▶ **How to complete this task**: All that should be output is the block of lines below from the line with "Zero-Order Hold8/1 -> Saturation1/1" to the line with "Saturation7/1 -> Transfer Fcn6/1", both included, exactly as written.

[Stored dataset items]
====================
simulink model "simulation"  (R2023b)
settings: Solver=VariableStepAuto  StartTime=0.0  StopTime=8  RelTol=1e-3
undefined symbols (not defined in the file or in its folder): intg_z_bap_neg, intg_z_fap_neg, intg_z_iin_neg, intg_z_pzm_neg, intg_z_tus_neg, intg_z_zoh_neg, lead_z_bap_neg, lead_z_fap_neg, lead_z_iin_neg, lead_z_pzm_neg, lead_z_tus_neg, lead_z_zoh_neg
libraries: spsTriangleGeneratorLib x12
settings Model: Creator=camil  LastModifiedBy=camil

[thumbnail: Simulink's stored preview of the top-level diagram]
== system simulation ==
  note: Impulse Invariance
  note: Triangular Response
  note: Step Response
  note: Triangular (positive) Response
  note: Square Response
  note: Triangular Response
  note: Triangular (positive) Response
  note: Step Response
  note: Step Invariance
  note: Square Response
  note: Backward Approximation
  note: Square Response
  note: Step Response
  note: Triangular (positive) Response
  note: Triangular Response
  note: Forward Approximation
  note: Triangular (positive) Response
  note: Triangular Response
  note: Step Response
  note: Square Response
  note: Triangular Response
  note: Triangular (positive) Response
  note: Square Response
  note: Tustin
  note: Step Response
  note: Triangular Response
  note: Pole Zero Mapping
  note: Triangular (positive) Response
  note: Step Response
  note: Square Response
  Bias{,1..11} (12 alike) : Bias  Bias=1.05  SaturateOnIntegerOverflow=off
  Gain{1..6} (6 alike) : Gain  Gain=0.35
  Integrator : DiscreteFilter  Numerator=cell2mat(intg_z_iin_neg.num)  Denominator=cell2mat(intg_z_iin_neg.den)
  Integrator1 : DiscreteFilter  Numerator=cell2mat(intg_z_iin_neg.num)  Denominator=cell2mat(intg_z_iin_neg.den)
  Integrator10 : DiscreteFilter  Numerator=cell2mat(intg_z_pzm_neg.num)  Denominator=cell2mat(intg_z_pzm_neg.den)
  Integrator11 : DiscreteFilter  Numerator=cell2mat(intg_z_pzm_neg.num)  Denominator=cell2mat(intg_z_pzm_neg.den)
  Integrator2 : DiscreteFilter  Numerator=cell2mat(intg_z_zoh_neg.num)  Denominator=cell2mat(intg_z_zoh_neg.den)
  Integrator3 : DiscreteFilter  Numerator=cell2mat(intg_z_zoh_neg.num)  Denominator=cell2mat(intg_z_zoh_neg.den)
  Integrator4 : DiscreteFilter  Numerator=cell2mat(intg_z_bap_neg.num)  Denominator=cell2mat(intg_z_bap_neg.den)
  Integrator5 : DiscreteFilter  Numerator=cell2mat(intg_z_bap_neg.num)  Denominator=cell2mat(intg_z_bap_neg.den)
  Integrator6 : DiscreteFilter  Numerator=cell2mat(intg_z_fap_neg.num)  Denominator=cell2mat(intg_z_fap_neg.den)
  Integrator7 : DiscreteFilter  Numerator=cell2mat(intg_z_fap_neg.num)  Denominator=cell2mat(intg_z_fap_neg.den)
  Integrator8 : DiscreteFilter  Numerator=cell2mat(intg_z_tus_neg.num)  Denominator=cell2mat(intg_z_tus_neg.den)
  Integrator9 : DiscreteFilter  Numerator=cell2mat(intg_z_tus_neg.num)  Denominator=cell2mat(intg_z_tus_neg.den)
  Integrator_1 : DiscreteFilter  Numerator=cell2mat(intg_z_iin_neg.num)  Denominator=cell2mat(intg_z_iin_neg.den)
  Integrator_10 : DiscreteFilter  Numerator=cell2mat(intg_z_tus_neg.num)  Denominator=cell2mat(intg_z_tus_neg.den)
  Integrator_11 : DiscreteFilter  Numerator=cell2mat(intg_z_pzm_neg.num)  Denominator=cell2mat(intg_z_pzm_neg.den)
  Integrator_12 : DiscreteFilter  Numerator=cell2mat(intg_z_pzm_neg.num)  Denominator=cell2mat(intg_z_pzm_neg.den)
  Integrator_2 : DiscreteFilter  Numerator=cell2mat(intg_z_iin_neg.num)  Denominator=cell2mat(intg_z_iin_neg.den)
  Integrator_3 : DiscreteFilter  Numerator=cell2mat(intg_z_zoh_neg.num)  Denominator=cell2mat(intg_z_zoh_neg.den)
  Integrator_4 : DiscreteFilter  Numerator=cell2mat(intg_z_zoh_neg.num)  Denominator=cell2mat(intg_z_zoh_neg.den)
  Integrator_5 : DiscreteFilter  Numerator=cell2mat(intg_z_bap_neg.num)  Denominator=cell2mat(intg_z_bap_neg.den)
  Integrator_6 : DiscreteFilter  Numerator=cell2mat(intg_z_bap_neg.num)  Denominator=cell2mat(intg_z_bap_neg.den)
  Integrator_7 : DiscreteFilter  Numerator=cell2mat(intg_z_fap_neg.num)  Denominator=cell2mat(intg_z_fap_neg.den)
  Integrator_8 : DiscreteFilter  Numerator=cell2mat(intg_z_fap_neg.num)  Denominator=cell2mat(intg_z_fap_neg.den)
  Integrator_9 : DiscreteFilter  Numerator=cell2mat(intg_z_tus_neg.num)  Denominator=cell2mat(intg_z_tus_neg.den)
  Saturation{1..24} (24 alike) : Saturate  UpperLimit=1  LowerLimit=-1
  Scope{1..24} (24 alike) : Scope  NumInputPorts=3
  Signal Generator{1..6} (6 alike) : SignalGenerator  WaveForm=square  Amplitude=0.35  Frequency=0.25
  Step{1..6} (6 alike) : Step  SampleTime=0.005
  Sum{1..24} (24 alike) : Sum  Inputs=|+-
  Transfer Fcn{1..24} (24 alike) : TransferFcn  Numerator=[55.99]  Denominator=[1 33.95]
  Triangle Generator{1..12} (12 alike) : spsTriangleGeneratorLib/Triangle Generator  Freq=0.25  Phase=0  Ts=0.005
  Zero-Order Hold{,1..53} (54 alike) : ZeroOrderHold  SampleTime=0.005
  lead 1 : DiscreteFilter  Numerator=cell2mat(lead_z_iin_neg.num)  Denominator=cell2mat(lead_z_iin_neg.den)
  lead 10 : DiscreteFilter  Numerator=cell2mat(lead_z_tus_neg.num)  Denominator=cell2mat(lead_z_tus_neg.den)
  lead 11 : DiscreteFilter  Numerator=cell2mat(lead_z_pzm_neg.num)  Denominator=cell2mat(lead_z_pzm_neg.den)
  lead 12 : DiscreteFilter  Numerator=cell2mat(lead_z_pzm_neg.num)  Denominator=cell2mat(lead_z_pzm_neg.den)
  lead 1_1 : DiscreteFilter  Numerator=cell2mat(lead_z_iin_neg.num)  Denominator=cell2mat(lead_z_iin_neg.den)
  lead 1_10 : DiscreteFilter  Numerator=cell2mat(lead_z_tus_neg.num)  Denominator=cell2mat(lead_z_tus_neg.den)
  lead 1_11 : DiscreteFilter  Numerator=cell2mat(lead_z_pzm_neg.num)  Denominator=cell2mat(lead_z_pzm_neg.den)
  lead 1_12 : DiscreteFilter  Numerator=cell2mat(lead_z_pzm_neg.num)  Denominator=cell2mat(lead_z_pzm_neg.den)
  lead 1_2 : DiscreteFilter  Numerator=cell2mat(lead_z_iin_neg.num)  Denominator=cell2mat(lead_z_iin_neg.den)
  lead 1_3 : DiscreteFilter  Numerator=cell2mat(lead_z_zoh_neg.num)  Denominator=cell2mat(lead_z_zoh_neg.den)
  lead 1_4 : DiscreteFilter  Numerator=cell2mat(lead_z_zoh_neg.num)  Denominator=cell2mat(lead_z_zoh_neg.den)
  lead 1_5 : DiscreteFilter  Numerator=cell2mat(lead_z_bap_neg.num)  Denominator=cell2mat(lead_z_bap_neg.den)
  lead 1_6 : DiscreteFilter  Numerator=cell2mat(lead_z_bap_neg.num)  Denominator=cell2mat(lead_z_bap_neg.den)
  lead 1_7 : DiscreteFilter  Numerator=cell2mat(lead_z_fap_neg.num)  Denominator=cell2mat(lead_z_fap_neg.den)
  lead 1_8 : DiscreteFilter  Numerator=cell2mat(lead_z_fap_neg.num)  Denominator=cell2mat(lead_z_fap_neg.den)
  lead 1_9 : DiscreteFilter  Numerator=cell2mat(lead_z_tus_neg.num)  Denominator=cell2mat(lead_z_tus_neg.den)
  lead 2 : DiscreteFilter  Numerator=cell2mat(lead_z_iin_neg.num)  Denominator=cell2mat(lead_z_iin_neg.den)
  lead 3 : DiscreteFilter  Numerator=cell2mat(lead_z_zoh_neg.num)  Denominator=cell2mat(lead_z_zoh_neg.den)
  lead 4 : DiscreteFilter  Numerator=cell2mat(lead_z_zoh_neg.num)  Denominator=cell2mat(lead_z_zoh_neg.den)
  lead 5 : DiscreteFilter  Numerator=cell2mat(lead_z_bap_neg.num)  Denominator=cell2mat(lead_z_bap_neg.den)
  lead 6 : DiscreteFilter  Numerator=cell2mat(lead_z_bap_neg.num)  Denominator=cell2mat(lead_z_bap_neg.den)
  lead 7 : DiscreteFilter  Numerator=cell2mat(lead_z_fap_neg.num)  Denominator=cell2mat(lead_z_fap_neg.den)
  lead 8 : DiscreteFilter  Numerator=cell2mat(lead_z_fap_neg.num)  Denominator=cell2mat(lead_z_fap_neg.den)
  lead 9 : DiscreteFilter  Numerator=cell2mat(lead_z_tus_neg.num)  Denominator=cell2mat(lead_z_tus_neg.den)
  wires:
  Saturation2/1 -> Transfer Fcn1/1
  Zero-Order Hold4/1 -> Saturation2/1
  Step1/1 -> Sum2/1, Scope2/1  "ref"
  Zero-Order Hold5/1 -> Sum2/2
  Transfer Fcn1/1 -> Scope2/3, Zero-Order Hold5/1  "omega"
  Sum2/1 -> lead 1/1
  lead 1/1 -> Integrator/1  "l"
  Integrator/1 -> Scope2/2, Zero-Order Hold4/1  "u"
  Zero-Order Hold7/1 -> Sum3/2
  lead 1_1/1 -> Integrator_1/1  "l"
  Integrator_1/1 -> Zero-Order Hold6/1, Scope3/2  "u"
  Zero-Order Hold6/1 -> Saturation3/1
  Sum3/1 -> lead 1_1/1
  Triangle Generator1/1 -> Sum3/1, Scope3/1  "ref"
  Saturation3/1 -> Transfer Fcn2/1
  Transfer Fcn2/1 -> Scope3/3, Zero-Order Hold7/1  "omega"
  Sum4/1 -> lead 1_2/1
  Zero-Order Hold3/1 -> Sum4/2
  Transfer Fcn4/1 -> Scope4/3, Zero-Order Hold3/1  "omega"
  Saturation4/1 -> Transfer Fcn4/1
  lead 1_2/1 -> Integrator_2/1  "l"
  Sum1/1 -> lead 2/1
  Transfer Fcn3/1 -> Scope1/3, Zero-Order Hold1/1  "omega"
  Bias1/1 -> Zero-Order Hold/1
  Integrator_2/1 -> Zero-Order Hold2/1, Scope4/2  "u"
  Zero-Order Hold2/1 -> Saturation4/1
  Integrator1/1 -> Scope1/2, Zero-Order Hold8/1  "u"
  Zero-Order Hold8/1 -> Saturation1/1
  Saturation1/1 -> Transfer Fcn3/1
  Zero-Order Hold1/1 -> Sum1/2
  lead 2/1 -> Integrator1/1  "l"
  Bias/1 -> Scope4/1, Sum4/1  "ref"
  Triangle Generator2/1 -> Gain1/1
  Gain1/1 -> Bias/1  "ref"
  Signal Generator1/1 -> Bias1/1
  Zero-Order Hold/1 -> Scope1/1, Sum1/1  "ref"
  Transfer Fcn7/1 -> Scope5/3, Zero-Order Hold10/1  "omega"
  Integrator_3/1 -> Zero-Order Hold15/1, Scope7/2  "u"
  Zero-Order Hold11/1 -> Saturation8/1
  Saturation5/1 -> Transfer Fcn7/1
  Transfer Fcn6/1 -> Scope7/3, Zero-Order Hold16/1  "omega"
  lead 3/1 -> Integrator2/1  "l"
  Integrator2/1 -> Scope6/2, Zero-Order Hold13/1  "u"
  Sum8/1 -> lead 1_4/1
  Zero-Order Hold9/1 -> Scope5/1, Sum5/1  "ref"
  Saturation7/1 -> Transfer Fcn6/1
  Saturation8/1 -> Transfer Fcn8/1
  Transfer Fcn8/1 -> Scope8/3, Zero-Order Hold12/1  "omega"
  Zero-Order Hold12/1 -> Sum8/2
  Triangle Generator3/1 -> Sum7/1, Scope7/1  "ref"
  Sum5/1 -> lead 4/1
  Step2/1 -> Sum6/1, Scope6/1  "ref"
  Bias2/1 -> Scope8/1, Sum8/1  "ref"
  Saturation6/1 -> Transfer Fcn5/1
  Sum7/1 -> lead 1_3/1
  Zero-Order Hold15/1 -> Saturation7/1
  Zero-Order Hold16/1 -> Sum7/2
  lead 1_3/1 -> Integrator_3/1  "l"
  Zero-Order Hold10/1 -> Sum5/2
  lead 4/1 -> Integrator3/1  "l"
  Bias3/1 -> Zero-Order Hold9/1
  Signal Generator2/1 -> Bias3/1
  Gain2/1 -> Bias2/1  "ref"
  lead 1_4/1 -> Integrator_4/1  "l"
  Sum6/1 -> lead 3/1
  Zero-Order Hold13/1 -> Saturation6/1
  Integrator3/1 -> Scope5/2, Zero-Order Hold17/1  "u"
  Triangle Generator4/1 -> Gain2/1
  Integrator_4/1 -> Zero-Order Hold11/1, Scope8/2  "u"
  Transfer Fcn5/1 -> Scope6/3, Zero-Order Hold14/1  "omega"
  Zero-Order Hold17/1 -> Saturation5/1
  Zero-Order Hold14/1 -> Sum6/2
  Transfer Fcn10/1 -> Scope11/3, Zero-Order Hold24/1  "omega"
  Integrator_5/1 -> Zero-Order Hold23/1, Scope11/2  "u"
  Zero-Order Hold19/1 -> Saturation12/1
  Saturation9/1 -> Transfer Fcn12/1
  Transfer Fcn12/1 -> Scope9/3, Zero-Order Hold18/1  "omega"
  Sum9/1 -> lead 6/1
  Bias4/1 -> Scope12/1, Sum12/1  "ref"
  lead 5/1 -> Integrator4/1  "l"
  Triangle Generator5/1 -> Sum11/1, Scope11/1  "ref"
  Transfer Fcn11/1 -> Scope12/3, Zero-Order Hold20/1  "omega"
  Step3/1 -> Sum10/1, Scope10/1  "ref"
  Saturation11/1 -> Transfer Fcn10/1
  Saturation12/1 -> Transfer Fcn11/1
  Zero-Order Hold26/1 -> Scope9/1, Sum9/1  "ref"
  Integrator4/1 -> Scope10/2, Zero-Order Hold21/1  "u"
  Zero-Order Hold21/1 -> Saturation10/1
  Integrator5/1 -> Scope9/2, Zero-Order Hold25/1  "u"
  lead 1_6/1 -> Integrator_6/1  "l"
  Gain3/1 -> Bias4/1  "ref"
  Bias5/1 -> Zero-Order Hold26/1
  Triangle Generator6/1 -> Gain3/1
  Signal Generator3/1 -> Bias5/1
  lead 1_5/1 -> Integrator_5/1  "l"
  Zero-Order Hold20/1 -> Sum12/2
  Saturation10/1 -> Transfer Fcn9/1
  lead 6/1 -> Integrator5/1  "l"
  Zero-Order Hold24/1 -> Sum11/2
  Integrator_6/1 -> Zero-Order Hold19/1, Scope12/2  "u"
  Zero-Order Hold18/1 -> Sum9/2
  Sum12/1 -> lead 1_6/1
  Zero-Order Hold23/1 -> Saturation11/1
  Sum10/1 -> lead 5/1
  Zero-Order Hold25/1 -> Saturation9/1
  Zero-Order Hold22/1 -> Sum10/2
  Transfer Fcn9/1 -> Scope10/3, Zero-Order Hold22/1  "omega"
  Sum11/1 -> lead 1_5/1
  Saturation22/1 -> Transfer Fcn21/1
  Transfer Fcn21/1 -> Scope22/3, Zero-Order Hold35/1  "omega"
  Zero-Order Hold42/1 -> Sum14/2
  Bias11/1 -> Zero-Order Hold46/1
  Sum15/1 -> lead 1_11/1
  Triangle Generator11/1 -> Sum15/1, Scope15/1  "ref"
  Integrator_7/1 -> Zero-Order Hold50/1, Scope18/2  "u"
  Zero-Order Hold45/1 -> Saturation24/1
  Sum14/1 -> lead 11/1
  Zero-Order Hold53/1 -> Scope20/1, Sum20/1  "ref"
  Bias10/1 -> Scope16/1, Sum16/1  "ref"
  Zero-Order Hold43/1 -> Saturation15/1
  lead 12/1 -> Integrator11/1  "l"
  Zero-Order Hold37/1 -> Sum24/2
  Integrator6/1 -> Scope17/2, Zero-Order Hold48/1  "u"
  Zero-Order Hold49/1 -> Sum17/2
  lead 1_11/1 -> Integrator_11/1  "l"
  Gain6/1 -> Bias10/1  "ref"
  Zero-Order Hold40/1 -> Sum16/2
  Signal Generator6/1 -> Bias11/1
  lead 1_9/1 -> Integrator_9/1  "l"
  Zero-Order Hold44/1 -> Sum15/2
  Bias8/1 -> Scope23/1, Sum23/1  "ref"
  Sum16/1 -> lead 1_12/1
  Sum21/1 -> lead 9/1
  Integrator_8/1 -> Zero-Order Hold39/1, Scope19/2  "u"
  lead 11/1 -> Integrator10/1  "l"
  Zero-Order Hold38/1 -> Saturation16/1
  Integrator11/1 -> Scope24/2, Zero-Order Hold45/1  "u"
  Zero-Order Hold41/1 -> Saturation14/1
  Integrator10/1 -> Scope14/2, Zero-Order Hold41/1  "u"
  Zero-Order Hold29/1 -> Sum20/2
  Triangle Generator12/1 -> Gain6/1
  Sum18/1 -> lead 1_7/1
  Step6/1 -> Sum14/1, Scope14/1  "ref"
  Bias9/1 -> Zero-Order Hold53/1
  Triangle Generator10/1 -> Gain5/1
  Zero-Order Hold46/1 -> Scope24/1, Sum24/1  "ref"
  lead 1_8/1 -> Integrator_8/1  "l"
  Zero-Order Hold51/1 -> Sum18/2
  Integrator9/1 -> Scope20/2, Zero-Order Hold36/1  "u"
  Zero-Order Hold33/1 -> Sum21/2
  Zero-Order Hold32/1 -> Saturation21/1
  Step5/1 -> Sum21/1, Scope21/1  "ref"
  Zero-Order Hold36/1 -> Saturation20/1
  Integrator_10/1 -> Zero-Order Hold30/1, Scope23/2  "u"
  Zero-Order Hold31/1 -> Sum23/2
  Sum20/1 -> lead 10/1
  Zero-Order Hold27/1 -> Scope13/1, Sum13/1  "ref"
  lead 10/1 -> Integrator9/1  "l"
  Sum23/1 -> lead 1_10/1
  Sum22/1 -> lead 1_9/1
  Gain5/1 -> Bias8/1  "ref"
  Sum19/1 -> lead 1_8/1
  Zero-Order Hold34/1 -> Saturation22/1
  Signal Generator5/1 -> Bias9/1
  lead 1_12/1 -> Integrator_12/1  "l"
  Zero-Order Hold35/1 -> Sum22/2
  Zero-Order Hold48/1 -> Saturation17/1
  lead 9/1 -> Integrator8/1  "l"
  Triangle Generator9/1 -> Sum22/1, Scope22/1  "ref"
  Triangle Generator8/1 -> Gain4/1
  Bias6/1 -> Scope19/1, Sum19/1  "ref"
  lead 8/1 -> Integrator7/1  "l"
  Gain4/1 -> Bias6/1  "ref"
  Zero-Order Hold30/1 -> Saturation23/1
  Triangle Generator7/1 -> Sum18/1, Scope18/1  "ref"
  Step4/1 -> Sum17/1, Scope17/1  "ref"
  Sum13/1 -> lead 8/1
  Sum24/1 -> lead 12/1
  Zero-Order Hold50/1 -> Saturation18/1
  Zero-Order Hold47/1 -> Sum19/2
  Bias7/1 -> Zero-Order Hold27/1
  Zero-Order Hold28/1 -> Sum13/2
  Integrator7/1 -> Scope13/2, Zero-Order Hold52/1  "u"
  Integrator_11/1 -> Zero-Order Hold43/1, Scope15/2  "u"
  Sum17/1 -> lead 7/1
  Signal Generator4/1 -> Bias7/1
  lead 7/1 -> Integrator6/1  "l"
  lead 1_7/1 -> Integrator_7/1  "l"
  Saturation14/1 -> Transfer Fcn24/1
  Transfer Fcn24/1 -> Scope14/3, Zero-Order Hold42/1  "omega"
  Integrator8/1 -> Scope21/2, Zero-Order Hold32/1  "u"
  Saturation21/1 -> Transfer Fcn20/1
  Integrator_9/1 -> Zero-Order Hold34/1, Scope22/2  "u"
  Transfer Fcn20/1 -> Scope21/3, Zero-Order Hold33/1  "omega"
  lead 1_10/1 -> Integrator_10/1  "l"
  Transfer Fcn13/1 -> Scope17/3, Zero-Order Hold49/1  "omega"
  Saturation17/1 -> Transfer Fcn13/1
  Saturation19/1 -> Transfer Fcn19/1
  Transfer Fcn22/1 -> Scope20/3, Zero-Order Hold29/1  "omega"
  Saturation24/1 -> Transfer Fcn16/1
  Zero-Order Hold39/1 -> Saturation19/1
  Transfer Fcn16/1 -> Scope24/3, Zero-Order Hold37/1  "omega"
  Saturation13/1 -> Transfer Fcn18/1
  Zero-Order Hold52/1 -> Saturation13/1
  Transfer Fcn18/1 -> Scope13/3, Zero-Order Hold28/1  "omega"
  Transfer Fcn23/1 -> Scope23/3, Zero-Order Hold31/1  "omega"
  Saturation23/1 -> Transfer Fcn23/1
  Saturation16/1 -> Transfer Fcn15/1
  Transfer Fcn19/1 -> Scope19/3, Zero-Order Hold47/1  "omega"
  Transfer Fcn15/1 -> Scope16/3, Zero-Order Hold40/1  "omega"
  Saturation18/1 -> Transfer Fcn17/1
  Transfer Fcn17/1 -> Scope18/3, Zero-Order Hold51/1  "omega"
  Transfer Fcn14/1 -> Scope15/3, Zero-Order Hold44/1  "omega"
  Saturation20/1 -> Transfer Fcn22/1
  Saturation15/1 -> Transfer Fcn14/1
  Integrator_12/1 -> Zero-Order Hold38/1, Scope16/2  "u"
====================
▶ **Expected answer**:
  Zero-Order Hold8/1 -> Saturation1/1
  Saturation1/1 -> Transfer Fcn3/1
  Zero-Order Hold1/1 -> Sum1/2
  lead 2/1 -> Integrator1/1  "l"
  Bias/1 -> Scope4/1, Sum4/1  "ref"
  Triangle Generator2/1 -> Gain1/1
  Gain1/1 -> Bias/1  "ref"
  Signal Generator1/1 -> Bias1/1
  Zero-Order Hold/1 -> Scope1/1, Sum1/1  "ref"
  Transfer Fcn7/1 -> Scope5/3, Zero-Order Hold10/1  "omega"
  Integrator_3/1 -> Zero-Order Hold15/1, Scope7/2  "u"
  Zero-Order Hold11/1 -> Saturation8/1
  Saturation5/1 -> Transfer Fcn7/1
  Transfer Fcn6/1 -> Scope7/3, Zero-Order Hold16/1  "omega"
  lead 3/1 -> Integrator2/1  "l"
  Integrator2/1 -> Scope6/2, Zero-Order Hold13/1  "u"
  Sum8/1 -> lead 1_4/1
  Zero-Order Hold9/1 -> Scope5/1, Sum5/1  "ref"
  Saturation7/1 -> Transfer Fcn6/1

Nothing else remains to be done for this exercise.